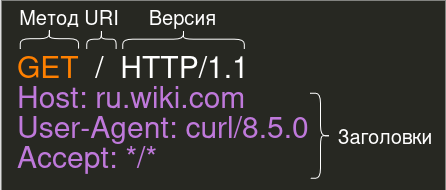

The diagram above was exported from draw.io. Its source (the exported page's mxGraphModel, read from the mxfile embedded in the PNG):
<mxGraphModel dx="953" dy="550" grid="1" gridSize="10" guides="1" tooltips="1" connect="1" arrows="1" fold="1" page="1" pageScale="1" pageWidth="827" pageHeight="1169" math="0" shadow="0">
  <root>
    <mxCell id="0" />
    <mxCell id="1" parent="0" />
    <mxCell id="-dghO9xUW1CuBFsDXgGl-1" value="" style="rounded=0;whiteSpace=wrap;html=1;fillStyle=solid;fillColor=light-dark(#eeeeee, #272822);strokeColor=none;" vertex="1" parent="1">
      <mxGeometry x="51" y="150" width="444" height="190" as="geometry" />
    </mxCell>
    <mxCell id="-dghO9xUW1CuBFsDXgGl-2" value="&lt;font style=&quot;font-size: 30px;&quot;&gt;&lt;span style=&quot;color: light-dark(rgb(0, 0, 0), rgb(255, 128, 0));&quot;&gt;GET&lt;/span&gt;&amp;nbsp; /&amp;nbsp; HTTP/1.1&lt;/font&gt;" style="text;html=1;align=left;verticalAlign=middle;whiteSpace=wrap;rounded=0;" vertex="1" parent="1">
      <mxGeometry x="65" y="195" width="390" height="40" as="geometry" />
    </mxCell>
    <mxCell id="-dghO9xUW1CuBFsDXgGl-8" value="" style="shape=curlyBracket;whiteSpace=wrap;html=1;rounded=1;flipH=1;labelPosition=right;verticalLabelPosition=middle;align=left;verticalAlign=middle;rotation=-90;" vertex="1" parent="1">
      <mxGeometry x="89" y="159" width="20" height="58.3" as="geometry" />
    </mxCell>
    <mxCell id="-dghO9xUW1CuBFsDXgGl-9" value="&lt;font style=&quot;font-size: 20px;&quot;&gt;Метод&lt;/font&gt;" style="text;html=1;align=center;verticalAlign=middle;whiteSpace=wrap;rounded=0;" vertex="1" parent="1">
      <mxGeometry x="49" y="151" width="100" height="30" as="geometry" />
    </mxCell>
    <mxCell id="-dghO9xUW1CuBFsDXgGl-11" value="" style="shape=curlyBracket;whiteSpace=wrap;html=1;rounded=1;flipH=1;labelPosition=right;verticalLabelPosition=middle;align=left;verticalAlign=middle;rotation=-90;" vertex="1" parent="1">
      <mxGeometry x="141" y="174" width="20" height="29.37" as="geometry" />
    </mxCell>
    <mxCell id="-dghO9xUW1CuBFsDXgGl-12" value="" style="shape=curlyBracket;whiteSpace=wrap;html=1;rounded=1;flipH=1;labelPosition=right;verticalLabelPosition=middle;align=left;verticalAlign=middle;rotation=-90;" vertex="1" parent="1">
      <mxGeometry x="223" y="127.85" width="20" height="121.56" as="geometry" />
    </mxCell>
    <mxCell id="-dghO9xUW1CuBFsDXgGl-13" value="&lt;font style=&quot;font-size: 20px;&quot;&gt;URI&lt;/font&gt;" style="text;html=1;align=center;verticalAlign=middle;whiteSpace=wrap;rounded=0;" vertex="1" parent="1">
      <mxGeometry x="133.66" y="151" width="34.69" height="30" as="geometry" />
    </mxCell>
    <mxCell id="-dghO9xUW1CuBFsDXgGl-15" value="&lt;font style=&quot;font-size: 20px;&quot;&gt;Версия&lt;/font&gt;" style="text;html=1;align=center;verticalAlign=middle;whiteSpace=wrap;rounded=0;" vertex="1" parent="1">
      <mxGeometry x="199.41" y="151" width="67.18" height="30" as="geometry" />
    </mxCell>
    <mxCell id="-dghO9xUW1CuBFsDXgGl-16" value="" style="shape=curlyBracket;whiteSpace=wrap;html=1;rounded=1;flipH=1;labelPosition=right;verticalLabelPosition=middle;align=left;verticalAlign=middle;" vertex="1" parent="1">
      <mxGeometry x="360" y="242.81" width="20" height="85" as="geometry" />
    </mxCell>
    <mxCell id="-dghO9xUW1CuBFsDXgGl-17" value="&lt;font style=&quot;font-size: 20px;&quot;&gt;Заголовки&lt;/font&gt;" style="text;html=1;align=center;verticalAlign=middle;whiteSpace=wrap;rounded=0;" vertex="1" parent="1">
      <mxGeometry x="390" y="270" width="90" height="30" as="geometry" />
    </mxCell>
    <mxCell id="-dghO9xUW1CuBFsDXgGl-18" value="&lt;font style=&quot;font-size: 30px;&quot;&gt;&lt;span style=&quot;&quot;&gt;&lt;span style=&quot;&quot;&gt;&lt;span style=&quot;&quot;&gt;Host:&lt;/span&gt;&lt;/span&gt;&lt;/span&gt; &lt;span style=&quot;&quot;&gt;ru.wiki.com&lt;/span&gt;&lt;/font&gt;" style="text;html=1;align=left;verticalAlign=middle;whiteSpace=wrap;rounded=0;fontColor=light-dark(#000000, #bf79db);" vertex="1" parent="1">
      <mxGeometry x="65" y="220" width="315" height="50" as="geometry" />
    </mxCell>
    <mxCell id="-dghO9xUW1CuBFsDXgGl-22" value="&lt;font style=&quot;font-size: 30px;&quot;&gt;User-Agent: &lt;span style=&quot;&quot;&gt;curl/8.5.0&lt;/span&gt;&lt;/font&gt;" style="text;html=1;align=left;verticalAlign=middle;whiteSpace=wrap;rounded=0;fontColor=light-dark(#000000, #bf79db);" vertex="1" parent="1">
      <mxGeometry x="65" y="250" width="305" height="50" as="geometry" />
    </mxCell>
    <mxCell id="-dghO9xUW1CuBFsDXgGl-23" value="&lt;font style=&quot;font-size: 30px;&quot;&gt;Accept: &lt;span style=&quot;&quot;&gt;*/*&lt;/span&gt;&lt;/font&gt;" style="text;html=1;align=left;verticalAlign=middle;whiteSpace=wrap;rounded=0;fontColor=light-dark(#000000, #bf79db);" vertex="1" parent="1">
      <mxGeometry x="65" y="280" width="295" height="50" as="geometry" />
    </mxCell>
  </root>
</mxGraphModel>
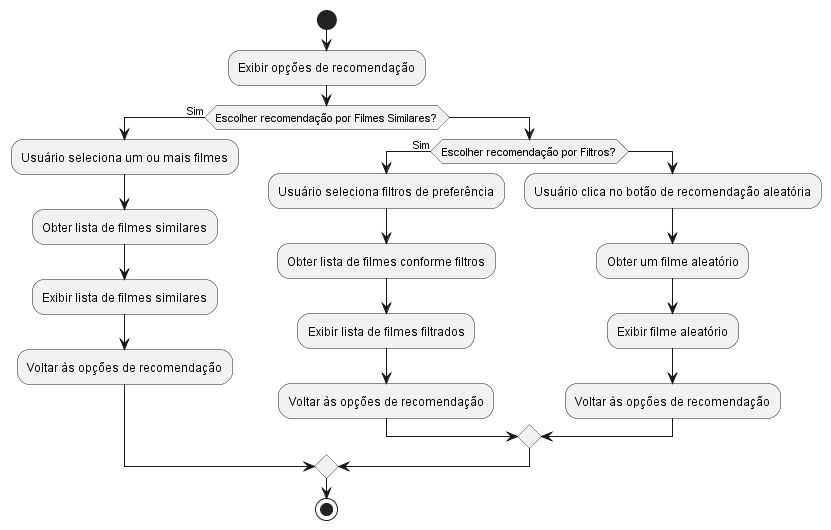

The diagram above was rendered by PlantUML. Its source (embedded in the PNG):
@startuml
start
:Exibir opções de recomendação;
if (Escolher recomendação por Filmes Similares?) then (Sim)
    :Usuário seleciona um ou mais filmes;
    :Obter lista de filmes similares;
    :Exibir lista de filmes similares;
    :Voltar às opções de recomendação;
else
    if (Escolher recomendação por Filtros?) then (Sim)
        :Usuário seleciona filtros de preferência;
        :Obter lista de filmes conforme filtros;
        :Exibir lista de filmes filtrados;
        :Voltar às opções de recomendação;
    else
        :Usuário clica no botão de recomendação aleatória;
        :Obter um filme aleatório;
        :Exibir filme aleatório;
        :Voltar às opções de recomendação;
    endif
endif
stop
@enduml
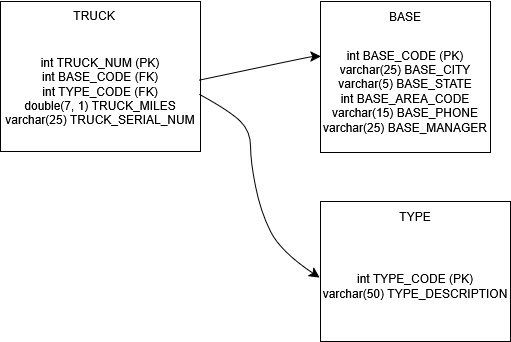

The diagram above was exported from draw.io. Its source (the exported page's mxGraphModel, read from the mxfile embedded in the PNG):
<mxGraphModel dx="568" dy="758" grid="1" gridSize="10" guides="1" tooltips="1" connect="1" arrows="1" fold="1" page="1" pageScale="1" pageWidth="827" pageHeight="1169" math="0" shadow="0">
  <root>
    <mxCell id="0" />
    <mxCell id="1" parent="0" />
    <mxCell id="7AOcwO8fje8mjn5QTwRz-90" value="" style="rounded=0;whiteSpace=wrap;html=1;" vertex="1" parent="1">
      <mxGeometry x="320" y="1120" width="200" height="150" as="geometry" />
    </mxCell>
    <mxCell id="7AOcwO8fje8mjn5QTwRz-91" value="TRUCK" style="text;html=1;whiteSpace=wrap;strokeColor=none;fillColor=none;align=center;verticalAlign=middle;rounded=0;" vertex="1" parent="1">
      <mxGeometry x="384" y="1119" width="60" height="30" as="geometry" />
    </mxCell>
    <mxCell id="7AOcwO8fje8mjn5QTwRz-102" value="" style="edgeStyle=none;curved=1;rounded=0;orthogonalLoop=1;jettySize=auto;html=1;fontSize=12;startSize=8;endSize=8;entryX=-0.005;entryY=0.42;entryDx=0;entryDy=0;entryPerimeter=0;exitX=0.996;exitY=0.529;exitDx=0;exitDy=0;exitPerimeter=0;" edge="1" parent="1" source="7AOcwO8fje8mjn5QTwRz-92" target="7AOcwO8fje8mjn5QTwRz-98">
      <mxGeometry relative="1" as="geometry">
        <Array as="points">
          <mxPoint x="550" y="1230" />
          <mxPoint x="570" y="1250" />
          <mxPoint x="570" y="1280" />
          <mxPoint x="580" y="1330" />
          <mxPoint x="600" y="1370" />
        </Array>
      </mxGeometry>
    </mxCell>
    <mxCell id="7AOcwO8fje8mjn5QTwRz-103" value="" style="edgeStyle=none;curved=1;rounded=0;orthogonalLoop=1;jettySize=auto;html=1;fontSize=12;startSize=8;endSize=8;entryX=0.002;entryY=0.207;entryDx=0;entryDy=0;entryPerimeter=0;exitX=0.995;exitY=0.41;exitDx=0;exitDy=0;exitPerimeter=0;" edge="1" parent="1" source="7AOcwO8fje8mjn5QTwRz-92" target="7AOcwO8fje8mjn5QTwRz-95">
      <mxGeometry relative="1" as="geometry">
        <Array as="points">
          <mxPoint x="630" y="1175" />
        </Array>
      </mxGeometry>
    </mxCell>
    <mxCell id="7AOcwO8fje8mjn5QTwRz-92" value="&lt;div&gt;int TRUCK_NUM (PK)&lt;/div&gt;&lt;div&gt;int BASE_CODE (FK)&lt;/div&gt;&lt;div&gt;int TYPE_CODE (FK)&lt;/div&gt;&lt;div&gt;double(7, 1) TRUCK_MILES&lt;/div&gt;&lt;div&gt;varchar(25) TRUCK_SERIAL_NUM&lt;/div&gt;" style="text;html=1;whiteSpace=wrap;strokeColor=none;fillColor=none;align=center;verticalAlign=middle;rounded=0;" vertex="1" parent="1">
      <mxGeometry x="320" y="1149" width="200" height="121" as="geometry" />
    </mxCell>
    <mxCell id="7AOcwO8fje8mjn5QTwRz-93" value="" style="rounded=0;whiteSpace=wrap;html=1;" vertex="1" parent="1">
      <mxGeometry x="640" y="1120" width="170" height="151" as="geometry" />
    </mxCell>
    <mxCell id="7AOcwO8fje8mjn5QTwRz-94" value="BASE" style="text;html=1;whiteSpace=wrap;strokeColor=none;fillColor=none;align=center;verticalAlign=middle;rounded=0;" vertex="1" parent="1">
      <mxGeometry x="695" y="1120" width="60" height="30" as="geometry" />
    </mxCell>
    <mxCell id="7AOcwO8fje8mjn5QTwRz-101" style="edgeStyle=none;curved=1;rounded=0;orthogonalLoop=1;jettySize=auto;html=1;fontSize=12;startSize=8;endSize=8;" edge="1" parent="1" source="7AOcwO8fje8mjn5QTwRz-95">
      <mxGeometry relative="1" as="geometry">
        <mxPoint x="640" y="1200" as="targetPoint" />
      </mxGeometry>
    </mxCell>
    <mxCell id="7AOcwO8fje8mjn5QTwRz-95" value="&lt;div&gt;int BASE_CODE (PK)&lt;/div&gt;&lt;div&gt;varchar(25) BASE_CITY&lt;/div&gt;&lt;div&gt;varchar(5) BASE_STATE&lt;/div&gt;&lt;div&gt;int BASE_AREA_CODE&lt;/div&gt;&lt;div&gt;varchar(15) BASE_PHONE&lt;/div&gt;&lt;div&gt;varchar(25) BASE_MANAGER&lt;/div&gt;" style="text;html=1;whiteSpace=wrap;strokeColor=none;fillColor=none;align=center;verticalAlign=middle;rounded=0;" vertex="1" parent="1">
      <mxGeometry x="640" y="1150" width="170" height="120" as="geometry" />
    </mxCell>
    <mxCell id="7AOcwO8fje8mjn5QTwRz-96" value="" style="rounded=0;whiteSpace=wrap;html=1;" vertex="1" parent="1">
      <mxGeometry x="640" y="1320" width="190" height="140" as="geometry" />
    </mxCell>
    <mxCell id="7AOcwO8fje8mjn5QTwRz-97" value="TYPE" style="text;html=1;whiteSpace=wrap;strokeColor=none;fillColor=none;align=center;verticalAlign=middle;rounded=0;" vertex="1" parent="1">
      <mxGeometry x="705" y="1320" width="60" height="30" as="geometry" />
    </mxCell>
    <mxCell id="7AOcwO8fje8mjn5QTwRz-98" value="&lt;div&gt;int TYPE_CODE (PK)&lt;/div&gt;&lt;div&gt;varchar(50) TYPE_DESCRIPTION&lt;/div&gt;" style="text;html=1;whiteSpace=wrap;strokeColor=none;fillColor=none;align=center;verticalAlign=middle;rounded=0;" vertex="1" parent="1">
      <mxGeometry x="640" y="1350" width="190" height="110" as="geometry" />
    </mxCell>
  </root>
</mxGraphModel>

#####

Instructions for the task: Note every line above where the string "tooltips" shows up, and copy those lines.

Solved exercise:
<mxGraphModel dx="953" dy="550" grid="1" gridSize="10" guides="1" tooltips="1" connect="1" arrows="1" fold="1" page="1" pageScale="1" pageWidth="827" pageHeight="1169" math="0" shadow="0">
<mxGraphModel dx="568" dy="758" grid="1" gridSize="10" guides="1" tooltips="1" connect="1" arrows="1" fold="1" page="1" pageScale="1" pageWidth="827" pageHeight="1169" math="0" shadow="0">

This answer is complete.